─── Data supplied

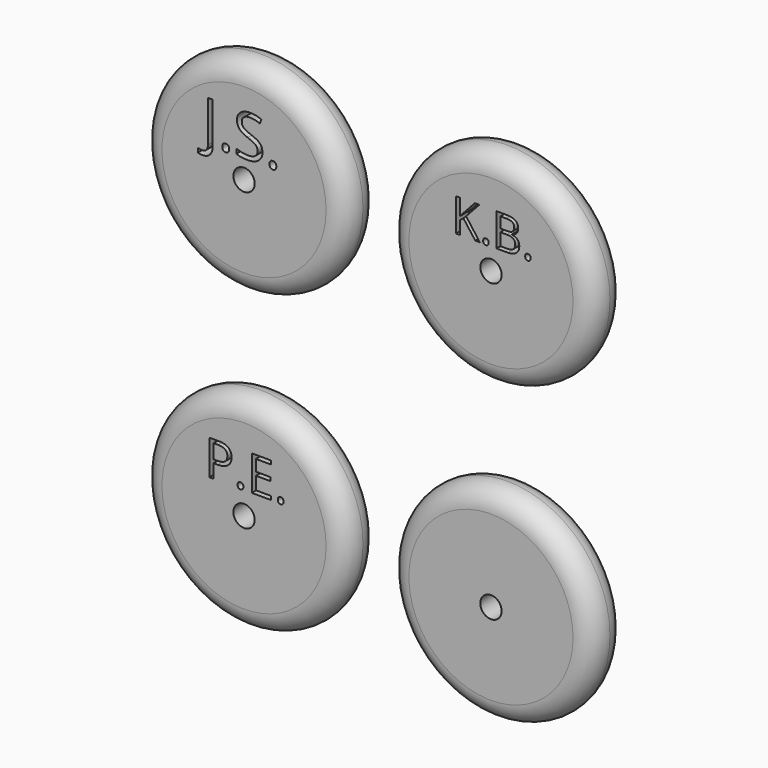
from build123d import *

# Parameters (mm, degrees)
F0_R           = 15.875
F1_DEPTH       = 6.35
F2_R           = 3.17499
F2_2_R         = 3.17499
F2_3_R         = 3.17499
F2_4_R         = 3.17499
F3_R           = 1.651
F4_DEPTH       = 25.4
F5_DEPTH       = 25.4
F6_DEPTH       = 25.4
F7_DEPTH       = 25.4
F8_TEXT_SIZE   = 8.9633877371
F8_TEXT_SIZE_2 = 7.1167148236
F8_TEXT_SIZE_3 = 7.555307678
F9_DEPTH       = 2.54
F10_DEPTH      = 2.54
F12_DEPTH      = 2.54
F11_TEXT_SIZE  = 3.4882623063
F13_DEPTH      = 0.508


# Not quite as in the source:
# - a fillet or chamfer is up to 0.001 mm smaller than in the source, because OpenCascade refuses the exact size
# - Text() gives the source's letters only with a copy of the font that has no kerning and outlines rounded to 1/6400 em; it was checked with that copy


with BuildPart() as f1:
    # F0 (on Front) → F1 (new body)
    with BuildSketch(Plane.XZ):
        with Locations((-57.9834368664, 37.8684985699)):
            Circle(F0_R)
    extrude(amount=F1_DEPTH)

    # F2#3 (radius 3.175 in the source; OpenCascade refuses exactly that, so slightly less here)
    f2_3_edges = [f1.edges().sort_by_distance(p)[0] for p in [
        (-73.858437, 0, 37.868499),
        (-73.858437, -6.35, 37.868499),
    ]]
    fillet(f2_3_edges, radius=F2_3_R)

    # F3 (on face) → F4 (cut)
    with BuildSketch(Plane.XZ.offset(6.35)):
        with Locations((-57.9834368664, 37.8684985699)):
            Circle(F3_R)
    extrude(amount=-F4_DEPTH, mode=Mode.SUBTRACT)


with BuildPart() as f1b:
    # F0 (on Front) → F1, piece 2 (new body)
    with BuildSketch(Plane.XZ):
        with Locations((-57.9834368664, -7.9332944006)):
            Circle(F0_R)
    extrude(amount=F1_DEPTH)

    # F2#4 (radius 3.175 in the source; OpenCascade refuses exactly that, so slightly less here)
    f2_4_edges = [f1b.edges().sort_by_distance(p)[0] for p in [
        (-73.858437, 0, -7.933294),
        (-73.858437, -6.35, -7.933294),
    ]]
    fillet(f2_4_edges, radius=F2_4_R)

    # F3 (on face) → F6 (cut)
    with BuildSketch(Plane.XZ.offset(6.35)):
        with Locations((-57.9834368664, -7.9332944006)):
            Circle(F3_R)
    extrude(amount=-F6_DEPTH, mode=Mode.SUBTRACT)


with BuildPart() as f1c:
    # F0 (on Front) → F1, piece 3 (new body)
    with BuildSketch(Plane.XZ):
        with Locations((-19.7645071894, -7.9332944006)):
            Circle(F0_R)
    extrude(amount=F1_DEPTH)

    # F2 (radius 3.175 in the source; OpenCascade refuses exactly that, so slightly less here)
    f2_edges = [f1c.edges().sort_by_distance(p)[0] for p in [
        (-35.639507, 0, -7.933294),
        (-35.639507, -6.35, -7.933294),
    ]]
    fillet(f2_edges, radius=F2_R)

    # F3 (on face) → F7 (cut)
    with BuildSketch(Plane.XZ.offset(6.35)):
        with Locations((-19.7645071894, -7.9332944006)):
            Circle(F3_R)
    extrude(amount=-F7_DEPTH, mode=Mode.SUBTRACT)


with BuildPart() as f1d:
    # F0 (on Front) → F1, piece 4 (new body)
    with BuildSketch(Plane.XZ):
        with Locations((-19.7645071894, 37.8684985699)):
            Circle(F0_R)
    extrude(amount=F1_DEPTH)

    # F2#2 (radius 3.175 in the source; OpenCascade refuses exactly that, so slightly less here)
    f2_2_edges = [f1d.edges().sort_by_distance(p)[0] for p in [
        (-35.639507, 0, 37.868499),
        (-35.639507, -6.35, 37.868499),
    ]]
    fillet(f2_2_edges, radius=F2_2_R)

    # F3 (on face) → F5 (cut)
    with BuildSketch(Plane.XZ.offset(6.35)):
        with Locations((-19.7645071894, 37.8684985699)):
            Circle(F3_R)
    extrude(amount=-F5_DEPTH, mode=Mode.SUBTRACT)


with BuildPart() as f9_tool:
    # F8 (on face) → F9 (new body)
    with BuildSketch(Plane.XZ.offset(6.35)):
        with Locations((-64.4037676054, 40.8216691305)):
            Text('J.S.', F8_TEXT_SIZE, font='Open Sans', text_align=(TextAlign.LEFT, TextAlign.BOTTOM))
        with Locations((-25.8644149952, 41.2169232358)):
            Text('K.B.', F8_TEXT_SIZE_2, font='Open Sans', text_align=(TextAlign.LEFT, TextAlign.BOTTOM))
        with Locations((-64.0788827856, -4.4081961426)):
            Text('P.E.', F8_TEXT_SIZE_3, font='Open Sans', text_align=(TextAlign.LEFT, TextAlign.BOTTOM))
    extrude(amount=-F9_DEPTH)


with BuildPart() as f1_1:
    add(f1.part)

    # F9: cut by f9_tool
    add(f9_tool.part, mode=Mode.SUBTRACT)

    # F8 (on face) → F10 (cut)
    with BuildSketch(Plane.XZ.offset(6.35)):
        with Locations((-64.4037676054, 40.8216691305)):
            Text('J.S.', F8_TEXT_SIZE, font='Open Sans', text_align=(TextAlign.LEFT, TextAlign.BOTTOM))
        with Locations((-25.8644149952, 41.2169232358)):
            Text('K.B.', F8_TEXT_SIZE_2, font='Open Sans', text_align=(TextAlign.LEFT, TextAlign.BOTTOM))
        with Locations((-64.0788827856, -4.4081961426)):
            Text('P.E.', F8_TEXT_SIZE_3, font='Open Sans', text_align=(TextAlign.LEFT, TextAlign.BOTTOM))
    extrude(amount=-F10_DEPTH, mode=Mode.SUBTRACT)

    # F8 (on face) → F12 (cut)
    with BuildSketch(Plane.XZ.offset(6.35)):
        with Locations((-64.4037676054, 40.8216691305)):
            Text('J.S.', F8_TEXT_SIZE, font='Open Sans', text_align=(TextAlign.LEFT, TextAlign.BOTTOM))
        with Locations((-25.8644149952, 41.2169232358)):
            Text('K.B.', F8_TEXT_SIZE_2, font='Open Sans', text_align=(TextAlign.LEFT, TextAlign.BOTTOM))
        with Locations((-64.0788827856, -4.4081961426)):
            Text('P.E.', F8_TEXT_SIZE_3, font='Open Sans', text_align=(TextAlign.LEFT, TextAlign.BOTTOM))
    extrude(amount=-F12_DEPTH, mode=Mode.SUBTRACT)

    # F11 (on face) → F13 (cut)
    with BuildSketch(Plane.XZ.offset(6.35)):
        with Locations((0.3075196168, 0.3409849917)):
            Text('VROOM', F11_TEXT_SIZE, font='Open Sans', text_align=(TextAlign.LEFT, TextAlign.BOTTOM))
    extrude(amount=-F13_DEPTH, mode=Mode.SUBTRACT)


with BuildPart() as f1b_1:
    add(f1b.part)

    # F9: cut by f9_tool
    add(f9_tool.part, mode=Mode.SUBTRACT)


with BuildPart() as f1d_1:
    add(f1d.part)

    # F9: cut by f9_tool
    add(f9_tool.part, mode=Mode.SUBTRACT)


solid = Compound([f1c.part, f1_1.part, f1b_1.part, f1d_1.part])

──────

▶ [What the exercise asks] Write out, exactly and with no pictures, the lines of the data from the first through the line containing "# Not quite".

▶ [Your response]
from build123d import *

# Parameters (mm, degrees)
F0_R           = 15.875
F1_DEPTH       = 6.35
F2_R           = 3.17499
F2_2_R         = 3.17499
F2_3_R         = 3.17499
F2_4_R         = 3.17499
F3_R           = 1.651
F4_DEPTH       = 25.4
F5_DEPTH       = 25.4
F6_DEPTH       = 25.4
F7_DEPTH       = 25.4
F8_TEXT_SIZE   = 8.9633877371
F8_TEXT_SIZE_2 = 7.1167148236
F8_TEXT_SIZE_3 = 7.555307678
F9_DEPTH       = 2.54
F10_DEPTH      = 2.54
F12_DEPTH      = 2.54
F11_TEXT_SIZE  = 3.4882623063
F13_DEPTH      = 0.508


# Not quite as in the source:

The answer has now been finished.